▶ **Aim of the exercise**:
Filter the entries for the word "mechanical". Copy each line in which it occurs.

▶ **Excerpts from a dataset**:
────────

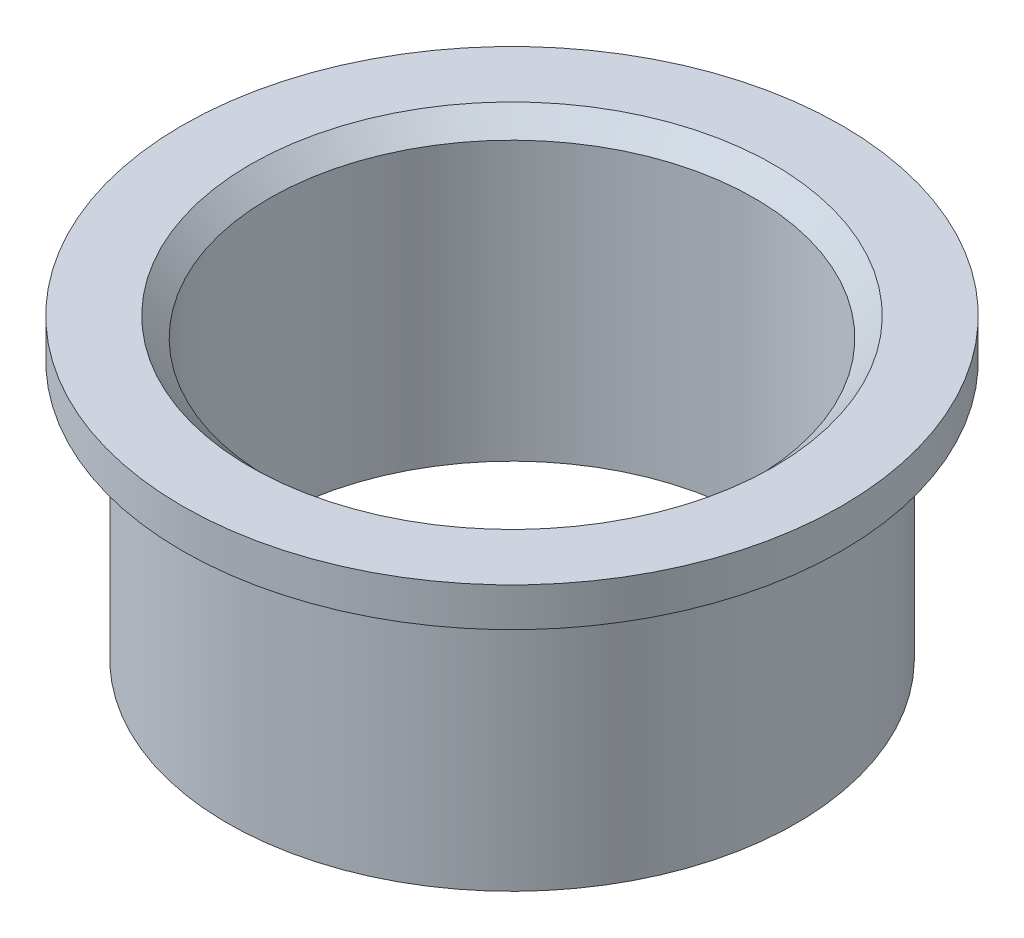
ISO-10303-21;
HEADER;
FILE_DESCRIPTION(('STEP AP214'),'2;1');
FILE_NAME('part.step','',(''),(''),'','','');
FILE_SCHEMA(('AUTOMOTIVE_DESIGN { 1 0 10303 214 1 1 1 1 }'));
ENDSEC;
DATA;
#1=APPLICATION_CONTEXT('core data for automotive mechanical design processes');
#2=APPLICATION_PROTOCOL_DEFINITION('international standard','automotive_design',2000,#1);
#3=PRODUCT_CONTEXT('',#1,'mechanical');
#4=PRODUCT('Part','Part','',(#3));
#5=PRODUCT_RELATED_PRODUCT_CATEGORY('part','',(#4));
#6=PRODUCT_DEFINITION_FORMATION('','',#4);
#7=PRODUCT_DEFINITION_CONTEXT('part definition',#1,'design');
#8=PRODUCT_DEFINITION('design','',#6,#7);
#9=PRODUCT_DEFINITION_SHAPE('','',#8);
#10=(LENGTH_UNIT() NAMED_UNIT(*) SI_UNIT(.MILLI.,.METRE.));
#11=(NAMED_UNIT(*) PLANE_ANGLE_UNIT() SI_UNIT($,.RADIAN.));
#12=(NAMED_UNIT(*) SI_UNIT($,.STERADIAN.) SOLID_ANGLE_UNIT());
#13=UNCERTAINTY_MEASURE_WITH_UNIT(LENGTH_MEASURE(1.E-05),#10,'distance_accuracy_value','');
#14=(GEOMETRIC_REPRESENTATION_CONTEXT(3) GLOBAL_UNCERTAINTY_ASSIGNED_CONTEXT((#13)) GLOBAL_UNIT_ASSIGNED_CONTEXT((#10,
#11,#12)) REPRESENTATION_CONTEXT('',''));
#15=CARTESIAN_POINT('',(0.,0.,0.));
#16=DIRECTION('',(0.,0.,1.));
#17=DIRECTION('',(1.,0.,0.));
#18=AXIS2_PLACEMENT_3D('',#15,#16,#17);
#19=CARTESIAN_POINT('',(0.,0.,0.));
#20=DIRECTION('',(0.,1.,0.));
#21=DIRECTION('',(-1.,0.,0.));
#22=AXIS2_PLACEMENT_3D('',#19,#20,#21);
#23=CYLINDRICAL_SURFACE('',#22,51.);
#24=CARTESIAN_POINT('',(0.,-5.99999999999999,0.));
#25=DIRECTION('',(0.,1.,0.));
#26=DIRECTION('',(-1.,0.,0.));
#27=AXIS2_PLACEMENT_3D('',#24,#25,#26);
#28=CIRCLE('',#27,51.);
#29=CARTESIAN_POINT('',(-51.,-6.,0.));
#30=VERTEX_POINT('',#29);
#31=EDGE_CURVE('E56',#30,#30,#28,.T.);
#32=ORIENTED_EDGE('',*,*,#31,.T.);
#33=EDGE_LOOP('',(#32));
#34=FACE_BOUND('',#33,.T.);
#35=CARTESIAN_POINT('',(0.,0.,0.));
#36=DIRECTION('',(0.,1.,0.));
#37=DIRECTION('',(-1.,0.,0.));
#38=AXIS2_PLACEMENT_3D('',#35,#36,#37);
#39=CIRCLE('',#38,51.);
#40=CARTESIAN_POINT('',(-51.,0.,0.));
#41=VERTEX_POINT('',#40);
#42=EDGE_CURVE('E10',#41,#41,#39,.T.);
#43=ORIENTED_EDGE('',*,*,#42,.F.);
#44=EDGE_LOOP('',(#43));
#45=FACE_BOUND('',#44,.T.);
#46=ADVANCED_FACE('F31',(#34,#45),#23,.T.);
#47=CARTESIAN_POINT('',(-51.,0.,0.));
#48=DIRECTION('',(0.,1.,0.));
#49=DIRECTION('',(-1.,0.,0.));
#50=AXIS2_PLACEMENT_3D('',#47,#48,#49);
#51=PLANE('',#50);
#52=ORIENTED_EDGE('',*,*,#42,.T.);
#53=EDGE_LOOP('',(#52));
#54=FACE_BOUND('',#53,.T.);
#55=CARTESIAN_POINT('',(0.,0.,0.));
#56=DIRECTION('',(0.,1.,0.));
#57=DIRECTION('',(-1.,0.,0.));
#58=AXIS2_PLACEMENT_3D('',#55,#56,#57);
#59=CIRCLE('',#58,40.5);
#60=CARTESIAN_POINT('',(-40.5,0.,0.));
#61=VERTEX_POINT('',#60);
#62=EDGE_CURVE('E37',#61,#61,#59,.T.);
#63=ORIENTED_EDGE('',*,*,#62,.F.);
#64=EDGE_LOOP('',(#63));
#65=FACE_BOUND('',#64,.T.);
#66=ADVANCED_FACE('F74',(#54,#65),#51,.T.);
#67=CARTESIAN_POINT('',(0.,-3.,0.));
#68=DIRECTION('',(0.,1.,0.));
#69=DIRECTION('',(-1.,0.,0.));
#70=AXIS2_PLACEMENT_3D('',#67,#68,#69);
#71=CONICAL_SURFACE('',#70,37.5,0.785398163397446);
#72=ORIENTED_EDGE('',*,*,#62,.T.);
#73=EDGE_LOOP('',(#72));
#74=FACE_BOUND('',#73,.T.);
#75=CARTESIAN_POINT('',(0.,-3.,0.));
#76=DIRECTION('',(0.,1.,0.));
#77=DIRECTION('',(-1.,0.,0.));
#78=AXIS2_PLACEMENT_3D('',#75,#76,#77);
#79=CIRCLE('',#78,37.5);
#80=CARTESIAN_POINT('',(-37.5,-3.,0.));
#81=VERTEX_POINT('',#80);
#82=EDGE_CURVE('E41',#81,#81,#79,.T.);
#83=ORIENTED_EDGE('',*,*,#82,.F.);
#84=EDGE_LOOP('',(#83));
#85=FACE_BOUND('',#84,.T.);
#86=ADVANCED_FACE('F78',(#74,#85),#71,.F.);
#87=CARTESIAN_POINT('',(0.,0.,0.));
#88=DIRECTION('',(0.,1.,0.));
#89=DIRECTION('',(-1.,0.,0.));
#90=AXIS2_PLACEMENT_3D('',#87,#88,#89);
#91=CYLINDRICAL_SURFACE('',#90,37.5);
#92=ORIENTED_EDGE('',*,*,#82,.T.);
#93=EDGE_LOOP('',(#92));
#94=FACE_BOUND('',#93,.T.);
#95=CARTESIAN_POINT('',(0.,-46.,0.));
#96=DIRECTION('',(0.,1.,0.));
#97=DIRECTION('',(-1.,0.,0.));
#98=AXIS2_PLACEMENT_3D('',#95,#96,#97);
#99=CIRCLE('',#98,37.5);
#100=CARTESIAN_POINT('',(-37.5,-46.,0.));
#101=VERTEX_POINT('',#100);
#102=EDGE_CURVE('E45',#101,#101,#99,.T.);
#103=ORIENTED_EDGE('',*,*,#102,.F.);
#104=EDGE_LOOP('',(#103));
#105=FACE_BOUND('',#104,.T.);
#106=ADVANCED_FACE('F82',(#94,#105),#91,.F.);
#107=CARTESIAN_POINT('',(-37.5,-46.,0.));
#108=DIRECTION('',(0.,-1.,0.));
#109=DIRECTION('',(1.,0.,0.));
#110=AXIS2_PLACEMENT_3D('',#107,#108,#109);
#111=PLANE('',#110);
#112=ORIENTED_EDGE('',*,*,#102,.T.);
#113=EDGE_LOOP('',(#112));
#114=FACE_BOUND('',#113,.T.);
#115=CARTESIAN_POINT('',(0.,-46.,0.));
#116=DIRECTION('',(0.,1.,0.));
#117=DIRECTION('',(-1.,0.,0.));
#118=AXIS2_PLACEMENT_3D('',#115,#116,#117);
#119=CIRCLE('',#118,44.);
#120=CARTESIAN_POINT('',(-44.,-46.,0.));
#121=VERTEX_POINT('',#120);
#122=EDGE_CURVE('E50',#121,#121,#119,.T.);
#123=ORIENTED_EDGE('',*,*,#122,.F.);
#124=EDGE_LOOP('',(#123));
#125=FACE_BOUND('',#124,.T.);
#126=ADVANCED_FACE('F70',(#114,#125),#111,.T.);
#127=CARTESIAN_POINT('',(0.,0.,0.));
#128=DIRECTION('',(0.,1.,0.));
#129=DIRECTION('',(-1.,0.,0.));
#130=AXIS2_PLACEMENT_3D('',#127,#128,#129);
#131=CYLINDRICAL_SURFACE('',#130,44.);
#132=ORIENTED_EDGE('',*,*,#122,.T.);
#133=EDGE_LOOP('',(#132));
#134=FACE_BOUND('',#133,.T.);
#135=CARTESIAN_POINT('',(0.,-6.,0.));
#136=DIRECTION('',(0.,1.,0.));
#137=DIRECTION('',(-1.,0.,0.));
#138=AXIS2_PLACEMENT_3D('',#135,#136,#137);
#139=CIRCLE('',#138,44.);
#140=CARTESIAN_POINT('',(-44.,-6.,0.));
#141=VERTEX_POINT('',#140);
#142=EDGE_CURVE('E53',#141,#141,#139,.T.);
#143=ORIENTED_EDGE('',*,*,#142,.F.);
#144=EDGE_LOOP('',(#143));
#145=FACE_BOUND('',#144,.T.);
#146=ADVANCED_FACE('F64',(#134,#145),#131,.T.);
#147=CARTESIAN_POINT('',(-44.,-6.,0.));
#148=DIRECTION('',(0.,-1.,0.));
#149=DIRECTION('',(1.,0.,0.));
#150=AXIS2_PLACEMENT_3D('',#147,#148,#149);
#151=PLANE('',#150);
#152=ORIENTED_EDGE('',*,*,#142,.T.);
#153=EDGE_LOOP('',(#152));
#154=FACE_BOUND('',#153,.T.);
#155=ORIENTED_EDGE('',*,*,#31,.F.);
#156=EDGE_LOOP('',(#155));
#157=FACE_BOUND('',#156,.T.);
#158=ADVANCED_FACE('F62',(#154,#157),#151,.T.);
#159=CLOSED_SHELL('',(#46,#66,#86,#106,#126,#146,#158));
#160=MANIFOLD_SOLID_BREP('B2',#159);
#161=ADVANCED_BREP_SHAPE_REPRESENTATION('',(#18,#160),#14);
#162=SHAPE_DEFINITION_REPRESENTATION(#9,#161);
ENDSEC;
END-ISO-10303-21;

────────

▶ **Response for this exercise**:
#1=APPLICATION_CONTEXT('core data for automotive mechanical design processes');
#3=PRODUCT_CONTEXT('',#1,'mechanical');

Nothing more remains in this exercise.